8 Replies Latest reply on Jul 27, 2007 7:59 AM by Manik Surtani

    New Locking Strategy Proposal for JBoss Cache

    Jason Greene Master

      Hello everyone,

      I would like your feedback on a new locking strategy design. This design,
      if ratified, would be targeted for a future version of JBoss Cache (not 2.0.0)

      Modern databases are able to achieve high concurrency by ensuring that
      readers are never blocked by writers. Our current pessimistic locking
      strategy does not offer this precondition, which leads to poor
      performance (lock contention, upgrade exceptions, timeouts, etc) when
      there is a mixture of reads and writes on the same node (Pretty much the
      use case of PojoCache). Also, the current pessimistic model also has a
      dirty-read race condition with READ COMMITTED.

      Optimistic locking solves the concurrency problems by implementing full
      MVCC, this however has other problems. It has memory overhead, since
      every tx has to keep its own node copy. It can't be used with write
      locks on reads (SELECT FOR UPDATE, Option.setForceWriteLock()) and for
      the same reason it can't implement the SERIALIZATION isolation level.
      Last, it has to prevent overwrites (rollback exception), which while
      useful in some cases, it's not always the desired behavior.

      My proposed solution is capable of all isolation levels, high read
      concurrency, and has a relatively low memory footprint. This is done by
      using limited global versioning with write locking, and MVCC for reads:

      An incoming reader is notated as R, a writer as W, the current version
      as v, and the node state is a function N(v). Essentially at any given
      time a reader will see N(v). Once a write occurs, we copy the node,
      N(v)' which only the writer sees. So in short we have:

      R = N(v)
      W = N(v)'

      There can only ever be one writer (one write lock), so therefore only
      one instance of N(v)'. This gives us the essential property "readers
      never blocked by writers" as well as prevents dirty reads.
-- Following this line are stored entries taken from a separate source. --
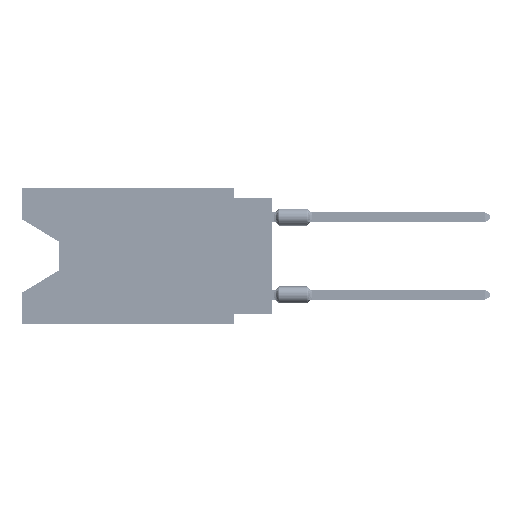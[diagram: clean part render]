
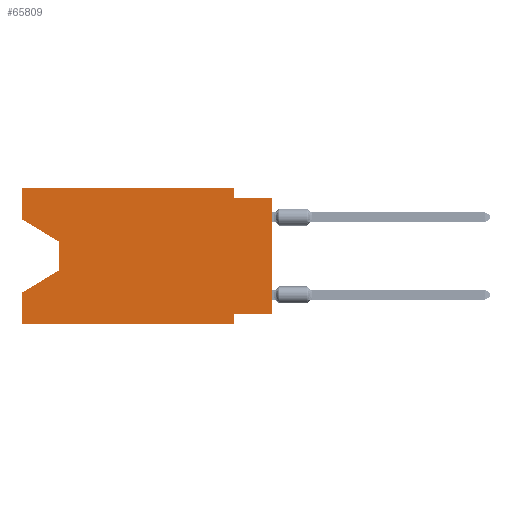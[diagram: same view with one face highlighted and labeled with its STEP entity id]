
A CAD part, left-side view. The second image highlights one B-rep face of the part: STEP entity #65809.
In plain terms, the highlighted planar face has unit normal (-1, 0, 0).
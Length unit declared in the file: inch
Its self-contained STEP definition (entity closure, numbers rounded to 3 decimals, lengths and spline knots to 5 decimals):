
#2762 = CARTESIAN_POINT ( 'NONE',  ( 0., 0., 0. ) ) ;
#2862 = PLANE ( 'NONE',  #65340 ) ;
#3122 = VECTOR ( 'NONE', #92290, 39.37008 ) ;
#3227 = CARTESIAN_POINT ( 'NONE',  ( 0., 0.645, 0. ) ) ;
#4316 = CARTESIAN_POINT ( 'NONE',  ( 0., 0.645, 0. ) ) ;
#5074 = LINE ( 'NONE', #94901, #42297 ) ;
#5751 = DIRECTION ( 'NONE',  ( 0., 0., 1. ) ) ;
#8157 = ORIENTED_EDGE ( 'NONE', *, *, #41571, .T. ) ;
#9379 = CARTESIAN_POINT ( 'NONE',  ( 0., 0.55, -0.212 ) ) ;
#10709 = DIRECTION ( 'NONE',  ( 0., 0., -1. ) ) ;
#11199 = CARTESIAN_POINT ( 'NONE',  ( 0., 0.645, 0. ) ) ;
#11744 = ORIENTED_EDGE ( 'NONE', *, *, #33135, .T. ) ;
#12117 = DIRECTION ( 'NONE',  ( 0., 0., -1. ) ) ;
#12705 = ORIENTED_EDGE ( 'NONE', *, *, #16875, .F. ) ;
#12772 = VECTOR ( 'NONE', #39094, 39.37008 ) ;
#12832 = VECTOR ( 'NONE', #84872, 39.37008 ) ;
#14570 = CARTESIAN_POINT ( 'NONE',  ( 0., 0.1, -0.35 ) ) ;
#14855 = DIRECTION ( 'NONE',  ( 0., -1., 0. ) ) ;
#14979 = ORIENTED_EDGE ( 'NONE', *, *, #74989, .F. ) ;
#15648 = CARTESIAN_POINT ( 'NONE',  ( 0., 0.55, -0.138 ) ) ;
#16875 = EDGE_CURVE ( 'NONE', #35097, #51879, #66104, .T. ) ;
#18563 = DIRECTION ( 'NONE',  ( 1., 0., 0. ) ) ;
#21888 = CARTESIAN_POINT ( 'NONE',  ( 0., 0., -0.325 ) ) ;
#22522 = VERTEX_POINT ( 'NONE', #33533 ) ;
#23882 = DIRECTION ( 'NONE',  ( 0., 0., 1. ) ) ;
#23943 = VERTEX_POINT ( 'NONE', #51637 ) ;
#24406 = VECTOR ( 'NONE', #70525, 39.37008 ) ;
#24914 = CARTESIAN_POINT ( 'NONE',  ( 0., 0., -0.025 ) ) ;
#25635 = EDGE_LOOP ( 'NONE', ( #27414, #8157, #48449, #64400, #11744, #29388, #47027, #72294, #14979, #85902, #45570, #12705 ) ) ;
#26568 = EDGE_CURVE ( 'NONE', #84786, #36627, #38099, .T. ) ;
#27314 = LINE ( 'NONE', #72438, #59886 ) ;
#27414 = ORIENTED_EDGE ( 'NONE', *, *, #70388, .T. ) ;
#29388 = ORIENTED_EDGE ( 'NONE', *, *, #90289, .F. ) ;
#33135 = EDGE_CURVE ( 'NONE', #47995, #51691, #84371, .T. ) ;
#33533 = CARTESIAN_POINT ( 'NONE',  ( 0., 0.1, -0.025 ) ) ;
#35097 = VERTEX_POINT ( 'NONE', #54300 ) ;
#35791 = LINE ( 'NONE', #45247, #45154 ) ;
#36627 = VERTEX_POINT ( 'NONE', #37526 ) ;
#37526 = CARTESIAN_POINT ( 'NONE',  ( 0., 0., -0.025 ) ) ;
#37698 = CARTESIAN_POINT ( 'NONE',  ( 0., 0.1, 0. ) ) ;
#38099 = LINE ( 'NONE', #2762, #52283 ) ;
#39094 = DIRECTION ( 'NONE',  ( 0., 0.855, -0.519 ) ) ;
#41156 = CARTESIAN_POINT ( 'NONE',  ( 0., 0.1, -0.35 ) ) ;
#41571 = EDGE_CURVE ( 'NONE', #70644, #72805, #90596, .T. ) ;
#42297 = VECTOR ( 'NONE', #66378, 39.37008 ) ;
#45154 = VECTOR ( 'NONE', #66202, 39.37008 ) ;
#45247 = CARTESIAN_POINT ( 'NONE',  ( 0., 0.645, 0. ) ) ;
#45570 = ORIENTED_EDGE ( 'NONE', *, *, #50916, .F. ) ;
#47027 = ORIENTED_EDGE ( 'NONE', *, *, #82159, .F. ) ;
#47995 = VERTEX_POINT ( 'NONE', #90765 ) ;
#48449 = ORIENTED_EDGE ( 'NONE', *, *, #89477, .T. ) ;
#49743 = LINE ( 'NONE', #56132, #12772 ) ;
#50916 = EDGE_CURVE ( 'NONE', #51879, #80554, #82994, .T. ) ;
#51637 = CARTESIAN_POINT ( 'NONE',  ( 0., 0.645, -0.26975 ) ) ;
#51691 = VERTEX_POINT ( 'NONE', #14570 ) ;
#51879 = VERTEX_POINT ( 'NONE', #3227 ) ;
#52283 = VECTOR ( 'NONE', #23882, 39.37008 ) ;
#52920 = CARTESIAN_POINT ( 'NONE',  ( 0., 0.1, -0.325 ) ) ;
#53277 = CARTESIAN_POINT ( 'NONE',  ( 0., 0.55, -0.138 ) ) ;
#54146 = VECTOR ( 'NONE', #14855, 39.37008 ) ;
#54300 = CARTESIAN_POINT ( 'NONE',  ( 0., 0.645, -0.08025 ) ) ;
#55410 = LINE ( 'NONE', #41156, #12832 ) ;
#56132 = CARTESIAN_POINT ( 'NONE',  ( 0., 0.55, -0.212 ) ) ;
#58089 = EDGE_CURVE ( 'NONE', #47995, #23943, #35791, .T. ) ;
#59886 = VECTOR ( 'NONE', #12117, 39.37008 ) ;
#60899 = CARTESIAN_POINT ( 'NONE',  ( 0., 0.645, 0. ) ) ;
#61785 = VERTEX_POINT ( 'NONE', #52920 ) ;
#64400 = ORIENTED_EDGE ( 'NONE', *, *, #58089, .F. ) ;
#65340 = AXIS2_PLACEMENT_3D ( 'NONE', #11199, #18563, #10709 ) ;
#65809 = ADVANCED_FACE ( 'NONE', ( #70564 ), #2862, .F. ) ;
#66104 = LINE ( 'NONE', #4316, #76387 ) ;
#66202 = DIRECTION ( 'NONE',  ( 0., 0., 1. ) ) ;
#66378 = DIRECTION ( 'NONE',  ( 0., 1., 0. ) ) ;
#69689 = CARTESIAN_POINT ( 'NONE',  ( 0., 0.645, -0.08025 ) ) ;
#70388 = EDGE_CURVE ( 'NONE', #35097, #70644, #92767, .T. ) ;
#70525 = DIRECTION ( 'NONE',  ( 0., -1., 0. ) ) ;
#70564 = FACE_OUTER_BOUND ( 'NONE', #25635, .T. ) ;
#70644 = VERTEX_POINT ( 'NONE', #15648 ) ;
#72294 = ORIENTED_EDGE ( 'NONE', *, *, #26568, .T. ) ;
#72438 = CARTESIAN_POINT ( 'NONE',  ( 0., 0.1, 0. ) ) ;
#72805 = VERTEX_POINT ( 'NONE', #9379 ) ;
#74989 = EDGE_CURVE ( 'NONE', #22522, #36627, #92150, .T. ) ;
#76387 = VECTOR ( 'NONE', #5751, 39.37008 ) ;
#80554 = VERTEX_POINT ( 'NONE', #37698 ) ;
#81594 = CARTESIAN_POINT ( 'NONE',  ( 0., 0.645, -0.35 ) ) ;
#82159 = EDGE_CURVE ( 'NONE', #84786, #61785, #5074, .T. ) ;
#82994 = LINE ( 'NONE', #60899, #89895 ) ;
#83476 = DIRECTION ( 'NONE',  ( 0., -1., 0. ) ) ;
#84371 = LINE ( 'NONE', #81594, #54146 ) ;
#84786 = VERTEX_POINT ( 'NONE', #21888 ) ;
#84872 = DIRECTION ( 'NONE',  ( 0., 0., -1. ) ) ;
#85902 = ORIENTED_EDGE ( 'NONE', *, *, #90855, .F. ) ;
#86387 = VECTOR ( 'NONE', #90105, 39.37008 ) ;
#89477 = EDGE_CURVE ( 'NONE', #72805, #23943, #49743, .T. ) ;
#89895 = VECTOR ( 'NONE', #83476, 39.37008 ) ;
#90105 = DIRECTION ( 'NONE',  ( 0., 0., -1. ) ) ;
#90289 = EDGE_CURVE ( 'NONE', #61785, #51691, #55410, .T. ) ;
#90596 = LINE ( 'NONE', #53277, #86387 ) ;
#90765 = CARTESIAN_POINT ( 'NONE',  ( 0., 0.645, -0.35 ) ) ;
#90855 = EDGE_CURVE ( 'NONE', #80554, #22522, #27314, .T. ) ;
#92150 = LINE ( 'NONE', #24914, #24406 ) ;
#92290 = DIRECTION ( 'NONE',  ( 0., -0.855, -0.519 ) ) ;
#92767 = LINE ( 'NONE', #69689, #3122 ) ;
#94901 = CARTESIAN_POINT ( 'NONE',  ( 0., 0., -0.325 ) ) ;
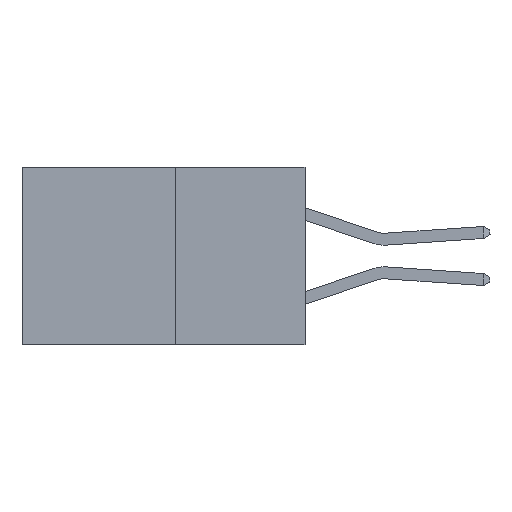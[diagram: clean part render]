
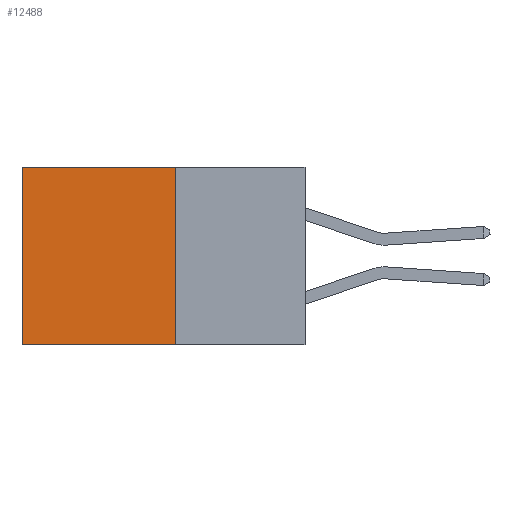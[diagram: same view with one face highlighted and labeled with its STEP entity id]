
A CAD part, left-side view. The second image highlights one B-rep face of the part: STEP entity #12488.
In plain terms, the highlighted planar face has unit normal (-1, 0, 0).
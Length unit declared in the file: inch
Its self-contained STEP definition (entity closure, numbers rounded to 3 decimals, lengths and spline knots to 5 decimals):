
#1183 = CARTESIAN_POINT ( 'NONE',  ( 0.277, 0.27, 0. ) ) ;
#2530 = LINE ( 'NONE', #1183, #13333 ) ;
#3388 = FACE_OUTER_BOUND ( 'NONE', #16757, .T. ) ;
#4286 = VECTOR ( 'NONE', #17143, 39.37008 ) ;
#4566 = CARTESIAN_POINT ( 'NONE',  ( 0.277, 0.27, -0.37 ) ) ;
#4787 = VECTOR ( 'NONE', #13954, 39.37008 ) ;
#5248 = CARTESIAN_POINT ( 'NONE',  ( 0.277, 0.59, -0.37 ) ) ;
#5802 = CARTESIAN_POINT ( 'NONE',  ( 0.277, 0.27, -0.37 ) ) ;
#5938 = DIRECTION ( 'NONE',  ( 1., 0., 0. ) ) ;
#6179 = ORIENTED_EDGE ( 'NONE', *, *, #13015, .T. ) ;
#6727 = CARTESIAN_POINT ( 'NONE',  ( 0.277, 0.27, 0. ) ) ;
#6971 = CARTESIAN_POINT ( 'NONE',  ( 0.277, 0.27, -0.37 ) ) ;
#8000 = LINE ( 'NONE', #5802, #4787 ) ;
#8102 = ORIENTED_EDGE ( 'NONE', *, *, #10877, .T. ) ;
#8611 = LINE ( 'NONE', #5248, #15753 ) ;
#8631 = VERTEX_POINT ( 'NONE', #6971 ) ;
#8769 = LINE ( 'NONE', #13206, #4286 ) ;
#8774 = VERTEX_POINT ( 'NONE', #6727 ) ;
#9317 = DIRECTION ( 'NONE',  ( 0., 0., -1. ) ) ;
#10877 = EDGE_CURVE ( 'NONE', #16447, #13698, #8611, .T. ) ;
#11545 = AXIS2_PLACEMENT_3D ( 'NONE', #4566, #5938, #15412 ) ;
#12053 = EDGE_CURVE ( 'NONE', #8774, #8631, #8769, .T. ) ;
#12488 = ADVANCED_FACE ( 'NONE', ( #3388 ), #12676, .F. ) ;
#12676 = PLANE ( 'NONE',  #11545 ) ;
#13015 = EDGE_CURVE ( 'NONE', #8774, #16447, #2530, .T. ) ;
#13206 = CARTESIAN_POINT ( 'NONE',  ( 0.277, 0.27, -0.37 ) ) ;
#13333 = VECTOR ( 'NONE', #14755, 39.37008 ) ;
#13427 = CARTESIAN_POINT ( 'NONE',  ( 0.277, 0.59, -0.37 ) ) ;
#13698 = VERTEX_POINT ( 'NONE', #13427 ) ;
#13954 = DIRECTION ( 'NONE',  ( 0., 1., 0. ) ) ;
#13989 = EDGE_CURVE ( 'NONE', #8631, #13698, #8000, .T. ) ;
#14755 = DIRECTION ( 'NONE',  ( 0., 1., 0. ) ) ;
#15412 = DIRECTION ( 'NONE',  ( 0., 0., -1. ) ) ;
#15678 = ORIENTED_EDGE ( 'NONE', *, *, #13989, .F. ) ;
#15753 = VECTOR ( 'NONE', #9317, 39.37008 ) ;
#16447 = VERTEX_POINT ( 'NONE', #17270 ) ;
#16492 = ORIENTED_EDGE ( 'NONE', *, *, #12053, .F. ) ;
#16757 = EDGE_LOOP ( 'NONE', ( #8102, #15678, #16492, #6179 ) ) ;
#17143 = DIRECTION ( 'NONE',  ( 0., 0., -1. ) ) ;
#17270 = CARTESIAN_POINT ( 'NONE',  ( 0.277, 0.59, 0. ) ) ;

      Once the writer TX commits, the new version is visible to new readers,
      this will of course require a short lived atomic operation for the swap,
      which gives us READ COMMITTED:
      N(v + 1) = N(v)'
      v = v + 1

      If REPEATABLE READ is desired, on the first read of a node, the TX holds
      a reference to that specific version (this is just a reference! no
      copying, so everyone that hits the same version shares the same
      version), z. This version is used for all read calls, until either a
      write occurs within the same TX or the TX ends.

      z = v
      RR = N(z)

      When a RR TX obtains a write lock on a node we toss the stale version,
      N(z), (which is eventually GCd). The same semantics in READ COMMITTED
      are followed, N(v)' is created as a copy of N(v). Reads and writes from
      the write lock holding TX then use N(v)' This gives us SELECT FOR
      UPDATE.

      READ UNCOMMITTED can be implemented by either substituting READ
      COMMITTED (which is allowed), or by not creating an N(v)' for writes as
      an optimization.

      SERIALIZABLE can be implemented by just obtaining a write lock on all
      reads, N(v)' is not needed as well.

      So, in summary, all isolation modes with the exception of SERIALIZABLE
      will never block on another TX for a read (unless setForceWriteLock() is
      used on the read). Memory footprint will only be 1 additional copy per
      active writer in READ COMMITTED, and in the case of REPEATABLE READ only
      1 additional copy per write commit that is visible to a reading TX.

      I created a nice table to outline the differences between the previous
      locking modes, and this proposal. I refer to the proposal
      as NL (New Locking)

      Item PL OL NL
      ---------------------------------------------------------------
      Non-Blocking Reads N Y Y
      All Isolation Modes Y[1] N[2] Y
      SELECT FOR UPDATE Y N Y
      Prevents write-skew in RR Y Y Y (Optional)
      Low memory overhead Y N Y
      No comparison phase Y N Y
      No copy on read Y N Y
      No copy on write Y N Y (Only RU + S)
      Fail-fast version checking N/A N Y (Optional)
      
      
      1. READ COMMITTED has to use a RW lock to be reliable,
      this isn't the case now (dirty read race).
      2. SERIALIZABLE is not possible
      


      Thoughts?